What you will do: Pull every "scene" line out of the data below.

Records from a data source:
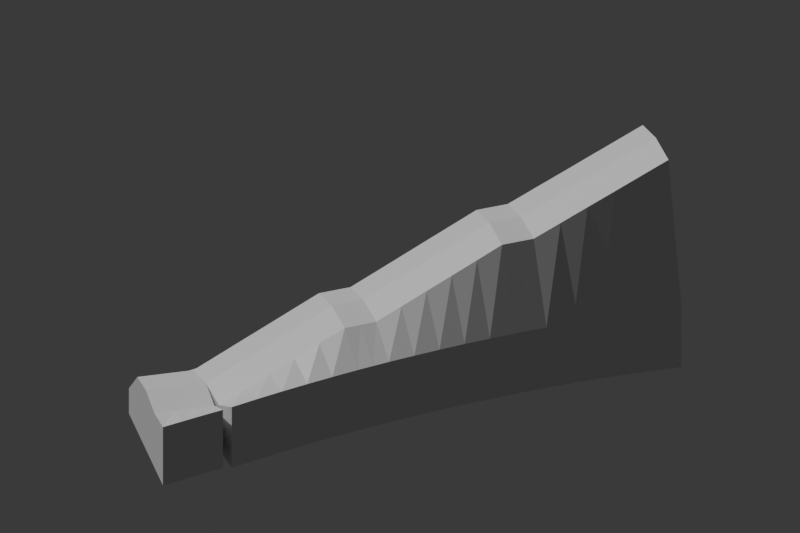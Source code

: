 # Source: old-shore-rock-r01.blend  (saved by Blender 5.2.44; exported with 4.5.12 LTS)
import bpy
from mathutils import Matrix  # noqa: F401  (used for matrix-valued properties, if any)

bpy.ops.wm.read_factory_settings(use_empty=True)
scene = bpy.context.scene
scene.name = 'TigerMessenger_Old_Shore_Rock_Review'

# ---- materials (node trees are filled in below, after node groups)
mat_old_shore_slate_0 = bpy.data.materials.new('Old shore slate 0')
mat_old_shore_slate_0.diffuse_color = (0.0765, 0.1233, 0.1828, 1.0)
mat_old_shore_slate_1 = bpy.data.materials.new('Old shore slate 1')
mat_old_shore_slate_1.diffuse_color = (0.09, 0.145, 0.215, 1.0)
mat_old_shore_slate_2 = bpy.data.materials.new('Old shore slate 2')
mat_old_shore_slate_2.diffuse_color = (0.1008, 0.1624, 0.2408, 1.0)

# ---- material node trees
mat_old_shore_slate_0.use_nodes = True; mat_old_shore_slate_0.node_tree.nodes.clear()
_N = mat_old_shore_slate_0.node_tree.nodes; _L = mat_old_shore_slate_0.node_tree.links
n0 = _N.new('ShaderNodeBsdfPrincipled'); n0.name = 'Principled BSDF'; n0.location = (-200, 100)
n0.inputs[10].default_value = 0.005
n1 = _N.new('ShaderNodeOutputMaterial'); n1.name = 'Material Output'; n1.location = (200, 100)
_L.new(n0.outputs[0], n1.inputs[0])
n1.is_active_output = True
mat_old_shore_slate_1.use_nodes = True; mat_old_shore_slate_1.node_tree.nodes.clear()
_N = mat_old_shore_slate_1.node_tree.nodes; _L = mat_old_shore_slate_1.node_tree.links
n0 = _N.new('ShaderNodeBsdfPrincipled'); n0.name = 'Principled BSDF'; n0.location = (-200, 100)
n0.inputs[10].default_value = 0.005
n1 = _N.new('ShaderNodeOutputMaterial'); n1.name = 'Material Output'; n1.location = (200, 100)
_L.new(n0.outputs[0], n1.inputs[0])
n1.is_active_output = True
mat_old_shore_slate_2.use_nodes = True; mat_old_shore_slate_2.node_tree.nodes.clear()
_N = mat_old_shore_slate_2.node_tree.nodes; _L = mat_old_shore_slate_2.node_tree.links
n0 = _N.new('ShaderNodeBsdfPrincipled'); n0.name = 'Principled BSDF'; n0.location = (-200, 100)
n0.inputs[10].default_value = 0.005
n1 = _N.new('ShaderNodeOutputMaterial'); n1.name = 'Material Output'; n1.location = (200, 100)
_L.new(n0.outputs[0], n1.inputs[0])
n1.is_active_output = True

# ---- world
world_shore_rock_blue_world = bpy.data.worlds.new('Shore rock blue world'); scene.world = world_shore_rock_blue_world
world_shore_rock_blue_world.use_nodes = True; world_shore_rock_blue_world.node_tree.nodes.clear()
_N = world_shore_rock_blue_world.node_tree.nodes; _L = world_shore_rock_blue_world.node_tree.links
n0 = _N.new('ShaderNodeBackground'); n0.name = 'Background'; n0.location = (-200, 100)
n0.inputs[0].default_value = (0.05, 0.05, 0.05, 1.0)
n1 = _N.new('ShaderNodeOutputWorld'); n1.name = 'World Output'; n1.location = (200, 100)
_L.new(n0.outputs[0], n1.inputs[0])
n1.is_active_output = True
world_shore_rock_blue_world.color = (0.08, 0.12, 0.18)

# ---- cameras
cam_shore_rock_camera = bpy.data.cameras.new('Shore rock camera')
cam_shore_rock_camera.type = 'ORTHO'
cam_shore_rock_camera.ortho_scale = 55.0

# ---- lights
light_shore_rock_sun = bpy.data.lights.new('Shore rock sun', 'SUN')
light_shore_rock_sun.energy = 2.0

# ---- meshes
me_old_shore_hillside_supports = bpy.data.meshes.new('Old shore hillside supports')
me_old_shore_hillside_supports.from_pydata([(-57.11, -51.97, -8.3), (-58.88, -50.2, -8.619), (-60.65, -48.43, -8.239), (-62.42, -46.66, -8.619), (-64.18, -44.9, -10.96), (-56.11, -50.97, -8.02), (-57.88, -49.2, -8.619), (-59.65, -47.43, -8.239), (-61.42, -45.66, -8.619), (-63.18, -43.9, -10.68), (-55.11, -49.97, -7.753), (-56.88, -48.2, -8.619), (-58.65, -46.43, -8.239), (-60.42, -44.66, -8.619), (-62.18, -42.9, -10.4), (-54.11, -48.97, -7.499), (-55.88, -47.2, -8.619), (-57.65, -45.43, -8.239), (-59.42, -43.66, -8.619), (-61.18, -41.9, -10.15), (-57.11, -51.97, -12.96), (-58.88, -50.2, -12.96), (-60.65, -48.43, -12.96), (-62.42, -46.66, -12.96), (-64.18, -44.9, -12.96), (-56.11, -50.97, -12.68), (-57.88, -49.2, -12.68), (-59.65, -47.43, -12.68), (-61.42, -45.66, -12.68), (-63.18, -43.9, -12.68), (-55.11, -49.97, -12.4), (-56.88, -48.2, -12.4), (-58.65, -46.43, -12.4), (-60.42, -44.66, -12.4), (-62.18, -42.9, -12.4), (-54.11, -48.97, -12.15), (-55.88, -47.2, -12.15), (-57.65, -45.43, -12.15), (-59.42, -43.66, -12.15), (-61.18, -41.9, -12.15), (-53.69, -48.49, -7.399), (-55.67, -46.96, -8.619), (-57.65, -45.43, -8.239), (-59.62, -43.9, -8.619), (-61.6, -42.37, -10.25), (-52.56, -47.03, -7.151), (-54.54, -45.5, -7.776), (-56.51, -43.97, -7.396), (-58.49, -42.44, -7.776), (-60.47, -40.91, -9.994), (-51.43, -45.56, -6.926), (-53.4, -44.03, -6.932), (-55.38, -42.5, -6.552), (-57.36, -40.97, -6.932), (-59.33, -39.44, -9.765), (-50.29, -44.1, -6.723), (-52.27, -42.57, -6.089), (-54.25, -41.04, -5.709), (-56.22, -39.51, -6.089), (-58.2, -37.98, -9.558), (-49.16, -42.64, -6.542), (-51.14, -41.11, -5.246), (-53.11, -39.57, -4.866), (-55.09, -38.04, -5.246), (-57.07, -36.51, -9.374), (-48.03, -41.17, -6.384), (-50.0, -39.64, -4.403), (-51.98, -38.11, -4.023), (-53.96, -36.58, -4.403), (-55.93, -35.05, -9.213), (-53.69, -48.49, -12.25), (-55.67, -46.96, -12.25), (-57.65, -45.43, -12.25), (-59.62, -43.9, -12.25), (-61.6, -42.37, -12.25), (-52.56, -47.03, -11.99), (-54.54, -45.5, -11.99), (-56.51, -43.97, -11.99), (-58.49, -42.44, -11.99), (-60.47, -40.91, -11.99), (-51.43, -45.56, -11.76), (-53.4, -44.03, -11.76), (-55.38, -42.5, -11.76), (-57.36, -40.97, -11.76), (-59.33, -39.44, -11.76), (-50.29, -44.1, -11.56), (-52.27, -42.57, -11.56), (-54.25, -41.04, -11.56), (-56.22, -39.51, -11.56), (-58.2, -37.98, -11.56), (-49.16, -42.64, -11.37), (-51.14, -41.11, -11.37), (-53.11, -39.57, -11.37), (-55.09, -38.04, -11.37), (-57.07, -36.51, -11.37), (-48.03, -41.17, -11.21), (-50.0, -39.64, -11.21), (-51.98, -38.11, -11.21), (-53.96, -36.58, -11.21), (-55.93, -35.05, -11.21), (-48.03, -41.17, -6.384), (-50.0, -39.64, -4.403), (-51.98, -38.11, -4.023), (-53.96, -36.58, -4.403), (-55.93, -35.05, -9.213), (-47.32, -40.26, -6.296), (-49.29, -38.73, -4.403), (-51.27, -37.2, -4.023), (-53.25, -35.66, -4.403), (-55.22, -34.13, -9.123), (-46.61, -39.34, -6.217), (-48.59, -37.81, -4.403), (-50.56, -36.28, -4.023), (-52.54, -34.75, -4.403), (-54.52, -33.22, -9.043), (-48.03, -41.17, -11.21), (-50.0, -39.64, -11.21), (-51.98, -38.11, -11.21), (-53.96, -36.58, -11.21), (-55.93, -35.05, -11.21), (-47.32, -40.26, -11.12), (-49.29, -38.73, -11.12), (-51.27, -37.2, -11.12), (-53.25, -35.66, -11.12), (-55.22, -34.13, -11.12), (-46.61, -39.34, -11.04), (-48.59, -37.81, -11.04), (-50.56, -36.28, -11.04), (-52.54, -34.75, -11.04), (-54.52, -33.22, -11.04), (-46.61, -39.34, -6.217), (-48.59, -37.81, -4.403), (-50.56, -36.28, -4.023), (-52.54, -34.75, -4.403), (-54.52, -33.22, -9.043), (-45.47, -37.88, -6.109), (-47.45, -36.35, -3.559), (-49.43, -34.82, -3.179), (-51.4, -33.29, -3.559), (-53.38, -31.75, -8.932), (-44.34, -36.41, -6.023), (-46.32, -34.88, -2.716), (-48.29, -33.35, -2.336), (-50.27, -31.82, -2.716), (-52.25, -30.29, -8.844), (-43.21, -34.95, -5.958), (-45.18, -33.42, -1.873), (-47.16, -31.89, -1.493), (-49.14, -30.36, -1.873), (-51.11, -28.83, -8.779), (-42.07, -33.48, -5.916), (-44.05, -31.95, -1.03), (-46.03, -30.42, -0.6495), (-48.0, -28.89, -1.03), (-49.98, -27.36, -8.736), (-40.94, -32.02, -5.896), (-42.92, -30.49, -0.1863), (-44.89, -28.96, 0.1937), (-46.87, -27.43, -0.1863), (-48.85, -25.9, -8.715), (-46.61, -39.34, -11.04), (-48.59, -37.81, -11.04), (-50.56, -36.28, -11.04), (-52.54, -34.75, -11.04), (-54.52, -33.22, -11.04), (-45.47, -37.88, -10.93), (-47.45, -36.35, -10.93), (-49.43, -34.82, -10.93), (-51.4, -33.29, -10.93), (-53.38, -31.75, -10.93), (-44.34, -36.41, -10.84), (-46.32, -34.88, -10.84), (-48.29, -33.35, -10.84), (-50.27, -31.82, -10.84), (-52.25, -30.29, -10.84), (-43.21, -34.95, -10.78), (-45.18, -33.42, -10.78), (-47.16, -31.89, -10.78), (-49.14, -30.36, -10.78), (-51.11, -28.83, -10.78), (-42.07, -33.48, -10.74), (-44.05, -31.95, -10.74), (-46.03, -30.42, -10.74), (-48.0, -28.89, -10.74), (-49.98, -27.36, -10.74), (-40.94, -32.02, -10.72), (-42.92, -30.49, -10.72), (-44.89, -28.96, -10.72), (-46.87, -27.43, -10.72), (-48.85, -25.9, -10.72), (-40.94, -32.02, -5.896), (-42.92, -30.49, -0.1863), (-44.89, -28.96, 0.1937), (-46.87, -27.43, -0.1863), (-48.85, -25.9, -8.715), (-40.23, -31.1, -5.894), (-42.21, -29.57, -0.1863), (-44.18, -28.04, 0.1937), (-46.16, -26.51, -0.1863), (-48.14, -24.98, -8.714), (-39.52, -30.19, -5.902), (-41.5, -28.66, -0.1863), (-43.48, -27.13, 0.1937), (-45.45, -25.6, -0.1863), (-47.43, -24.07, -8.721), (-40.94, -32.02, -10.72), (-42.92, -30.49, -10.72), (-44.89, -28.96, -10.72), (-46.87, -27.43, -10.72), (-48.85, -25.9, -10.72), (-40.23, -31.1, -10.71), (-42.21, -29.57, -10.71), (-44.18, -28.04, -10.71), (-46.16, -26.51, -10.71), (-48.14, -24.98, -10.71), (-39.52, -30.19, -10.72), (-41.5, -28.66, -10.72), (-43.48, -27.13, -10.72), (-45.45, -25.6, -10.72), (-47.43, -24.07, -10.72), (-39.52, -30.19, -5.902), (-41.5, -28.66, -0.1863), (-43.48, -27.13, 0.1937), (-45.45, -25.6, -0.1863), (-47.43, -24.07, -8.721), (-38.31, -28.62, -5.934), (-40.28, -27.09, 0.657), (-42.26, -25.56, 1.037), (-44.24, -24.03, 0.657), (-46.21, -22.5, -8.754), (-37.09, -27.05, -5.991), (-39.07, -25.52, 1.5), (-41.05, -23.99, 1.88), (-43.02, -22.46, 1.5), (-45.0, -20.93, -8.813), (-35.88, -25.48, -6.074), (-37.85, -23.95, 2.343), (-39.83, -22.42, 2.723), (-41.81, -20.89, 2.343), (-43.78, -19.36, -8.897), (-34.66, -23.91, -6.183), (-36.64, -22.38, 3.187), (-38.62, -20.85, 3.567), (-40.59, -19.32, 3.187), (-42.57, -17.79, -9.007), (-33.45, -22.35, -6.316), (-35.43, -20.82, 4.03), (-37.4, -19.28, 4.41), (-39.38, -17.75, 4.03), (-41.36, -16.22, -9.144), (-39.52, -30.19, -10.72), (-41.5, -28.66, -10.72), (-43.48, -27.13, -10.72), (-45.45, -25.6, -10.72), (-47.43, -24.07, -10.72), (-38.31, -28.62, -10.75), (-40.28, -27.09, -10.75), (-42.26, -25.56, -10.75), (-44.24, -24.03, -10.75), (-46.21, -22.5, -10.75), (-37.09, -27.05, -10.81), (-39.07, -25.52, -10.81), (-41.05, -23.99, -10.81), (-43.02, -22.46, -10.81), (-45.0, -20.93, -10.81), (-35.88, -25.48, -10.9), (-37.85, -23.95, -10.9), (-39.83, -22.42, -10.9), (-41.81, -20.89, -10.9), (-43.78, -19.36, -10.9), (-34.66, -23.91, -11.01), (-36.64, -22.38, -11.01), (-38.62, -20.85, -11.01), (-40.59, -19.32, -11.01), (-42.57, -17.79, -11.01), (-33.45, -22.35, -11.14), (-35.43, -20.82, -11.14), (-37.4, -19.28, -11.14), (-39.38, -17.75, -11.14), (-41.36, -16.22, -11.14)], [], [(0, 6, 1), (0, 5, 6), (20, 21, 26), (20, 26, 25), (1, 7, 2), (1, 6, 7), (21, 22, 27), (21, 27, 26), (2, 8, 3), (2, 7, 8), (22, 23, 28), (22, 28, 27), (3, 9, 4), (3, 8, 9), (23, 24, 29), (23, 29, 28), (5, 11, 6), (5, 10, 11), (25, 26, 31), (25, 31, 30), (6, 12, 7), (6, 11, 12), (26, 27, 32), (26, 32, 31), (7, 13, 8), (7, 12, 13), (27, 28, 33), (27, 33, 32), (8, 14, 9), (8, 13, 14), (28, 29, 34), (28, 34, 33), (10, 16, 11), (10, 15, 16), (30, 31, 36), (30, 36, 35), (11, 17, 12), (11, 16, 17), (31, 32, 37), (31, 37, 36), (12, 18, 13), (12, 17, 18), (32, 33, 38), (32, 38, 37), (13, 19, 14), (13, 18, 19), (33, 34, 39), (33, 39, 38), (0, 21, 20), (0, 1, 21), (1, 22, 21), (1, 2, 22), (2, 23, 22), (2, 3, 23), (3, 24, 23), (3, 4, 24), (4, 29, 24), (4, 9, 29), (9, 34, 29), (9, 14, 34), (14, 39, 34), (14, 19, 39), (19, 38, 39), (19, 18, 38), (18, 37, 38), (18, 17, 37), (17, 36, 37), (17, 16, 36), (16, 35, 36), (16, 15, 35), (15, 30, 35), (15, 10, 30), (10, 25, 30), (10, 5, 25), (5, 20, 25), (5, 0, 20), (40, 46, 41), (40, 45, 46), (70, 71, 76), (70, 76, 75), (41, 47, 42), (41, 46, 47), (71, 72, 77), (71, 77, 76), (42, 48, 43), (42, 47, 48), (72, 73, 78), (72, 78, 77), (43, 49, 44), (43, 48, 49), (73, 74, 79), (73, 79, 78), (45, 51, 46), (45, 50, 51), (75, 76, 81), (75, 81, 80), (46, 52, 47), (46, 51, 52), (76, 77, 82), (76, 82, 81), (47, 53, 48), (47, 52, 53), (77, 78, 83), (77, 83, 82), (48, 54, 49), (48, 53, 54), (78, 79, 84), (78, 84, 83), (50, 56, 51), (50, 55, 56), (80, 81, 86), (80, 86, 85), (51, 57, 52), (51, 56, 57), (81, 82, 87), (81, 87, 86), (52, 58, 53), (52, 57, 58), (82, 83, 88), (82, 88, 87), (53, 59, 54), (53, 58, 59), (83, 84, 89), (83, 89, 88), (55, 61, 56), (55, 60, 61), (85, 86, 91), (85, 91, 90), (56, 62, 57), (56, 61, 62), (86, 87, 92), (86, 92, 91), (57, 63, 58), (57, 62, 63), (87, 88, 93), (87, 93, 92), (58, 64, 59), (58, 63, 64), (88, 89, 94), (88, 94, 93), (60, 66, 61), (60, 65, 66), (90, 91, 96), (90, 96, 95), (61, 67, 62), (61, 66, 67), (91, 92, 97), (91, 97, 96), (62, 68, 63), (62, 67, 68), (92, 93, 98), (92, 98, 97), (63, 69, 64), (63, 68, 69), (93, 94, 99), (93, 99, 98), (40, 71, 70), (40, 41, 71), (41, 72, 71), (41, 42, 72), (42, 73, 72), (42, 43, 73), (43, 74, 73), (43, 44, 74), (44, 79, 74), (44, 49, 79), (49, 84, 79), (49, 54, 84), (54, 89, 84), (54, 59, 89), (59, 94, 89), (59, 64, 94), (64, 99, 94), (64, 69, 99), (69, 98, 99), (69, 68, 98), (68, 97, 98), (68, 67, 97), (67, 96, 97), (67, 66, 96), (66, 95, 96), (66, 65, 95), (65, 90, 95), (65, 60, 90), (60, 85, 90), (60, 55, 85), (55, 80, 85), (55, 50, 80), (50, 75, 80), (50, 45, 75), (45, 70, 75), (45, 40, 70), (100, 106, 101), (100, 105, 106), (115, 116, 121), (115, 121, 120), (101, 107, 102), (101, 106, 107), (116, 117, 122), (116, 122, 121), (102, 108, 103), (102, 107, 108), (117, 118, 123), (117, 123, 122), (103, 109, 104), (103, 108, 109), (118, 119, 124), (118, 124, 123), (105, 111, 106), (105, 110, 111), (120, 121, 126), (120, 126, 125), (106, 112, 107), (106, 111, 112), (121, 122, 127), (121, 127, 126), (107, 113, 108), (107, 112, 113), (122, 123, 128), (122, 128, 127), (108, 114, 109), (108, 113, 114), (123, 124, 129), (123, 129, 128), (100, 116, 115), (100, 101, 116), (101, 117, 116), (101, 102, 117), (102, 118, 117), (102, 103, 118), (103, 119, 118), (103, 104, 119), (104, 124, 119), (104, 109, 124), (109, 129, 124), (109, 114, 129), (114, 128, 129), (114, 113, 128), (113, 127, 128), (113, 112, 127), (112, 126, 127), (112, 111, 126), (111, 125, 126), (111, 110, 125), (110, 120, 125), (110, 105, 120), (105, 115, 120), (105, 100, 115), (130, 136, 131), (130, 135, 136), (160, 161, 166), (160, 166, 165), (131, 137, 132), (131, 136, 137), (161, 162, 167), (161, 167, 166), (132, 138, 133), (132, 137, 138), (162, 163, 168), (162, 168, 167), (133, 139, 134), (133, 138, 139), (163, 164, 169), (163, 169, 168), (135, 141, 136), (135, 140, 141), (165, 166, 171), (165, 171, 170), (136, 142, 137), (136, 141, 142), (166, 167, 172), (166, 172, 171), (137, 143, 138), (137, 142, 143), (167, 168, 173), (167, 173, 172), (138, 144, 139), (138, 143, 144), (168, 169, 174), (168, 174, 173), (140, 146, 141), (140, 145, 146), (170, 171, 176), (170, 176, 175), (141, 147, 142), (141, 146, 147), (171, 172, 177), (171, 177, 176), (142, 148, 143), (142, 147, 148), (172, 173, 178), (172, 178, 177), (143, 149, 144), (143, 148, 149), (173, 174, 179), (173, 179, 178), (145, 151, 146), (145, 150, 151), (175, 176, 181), (175, 181, 180), (146, 152, 147), (146, 151, 152), (176, 177, 182), (176, 182, 181), (147, 153, 148), (147, 152, 153), (177, 178, 183), (177, 183, 182), (148, 154, 149), (148, 153, 154), (178, 179, 184), (178, 184, 183), (150, 156, 151), (150, 155, 156), (180, 181, 186), (180, 186, 185), (151, 157, 152), (151, 156, 157), (181, 182, 187), (181, 187, 186), (152, 158, 153), (152, 157, 158), (182, 183, 188), (182, 188, 187), (153, 159, 154), (153, 158, 159), (183, 184, 189), (183, 189, 188), (130, 161, 160), (130, 131, 161), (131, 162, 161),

Expected answer:
scene = bpy.context.scene
scene.name = 'TigerMessenger_Old_Shore_Rock_Review'
world_shore_rock_blue_world = bpy.data.worlds.new('Shore rock blue world'); scene.world = world_shore_rock_blue_world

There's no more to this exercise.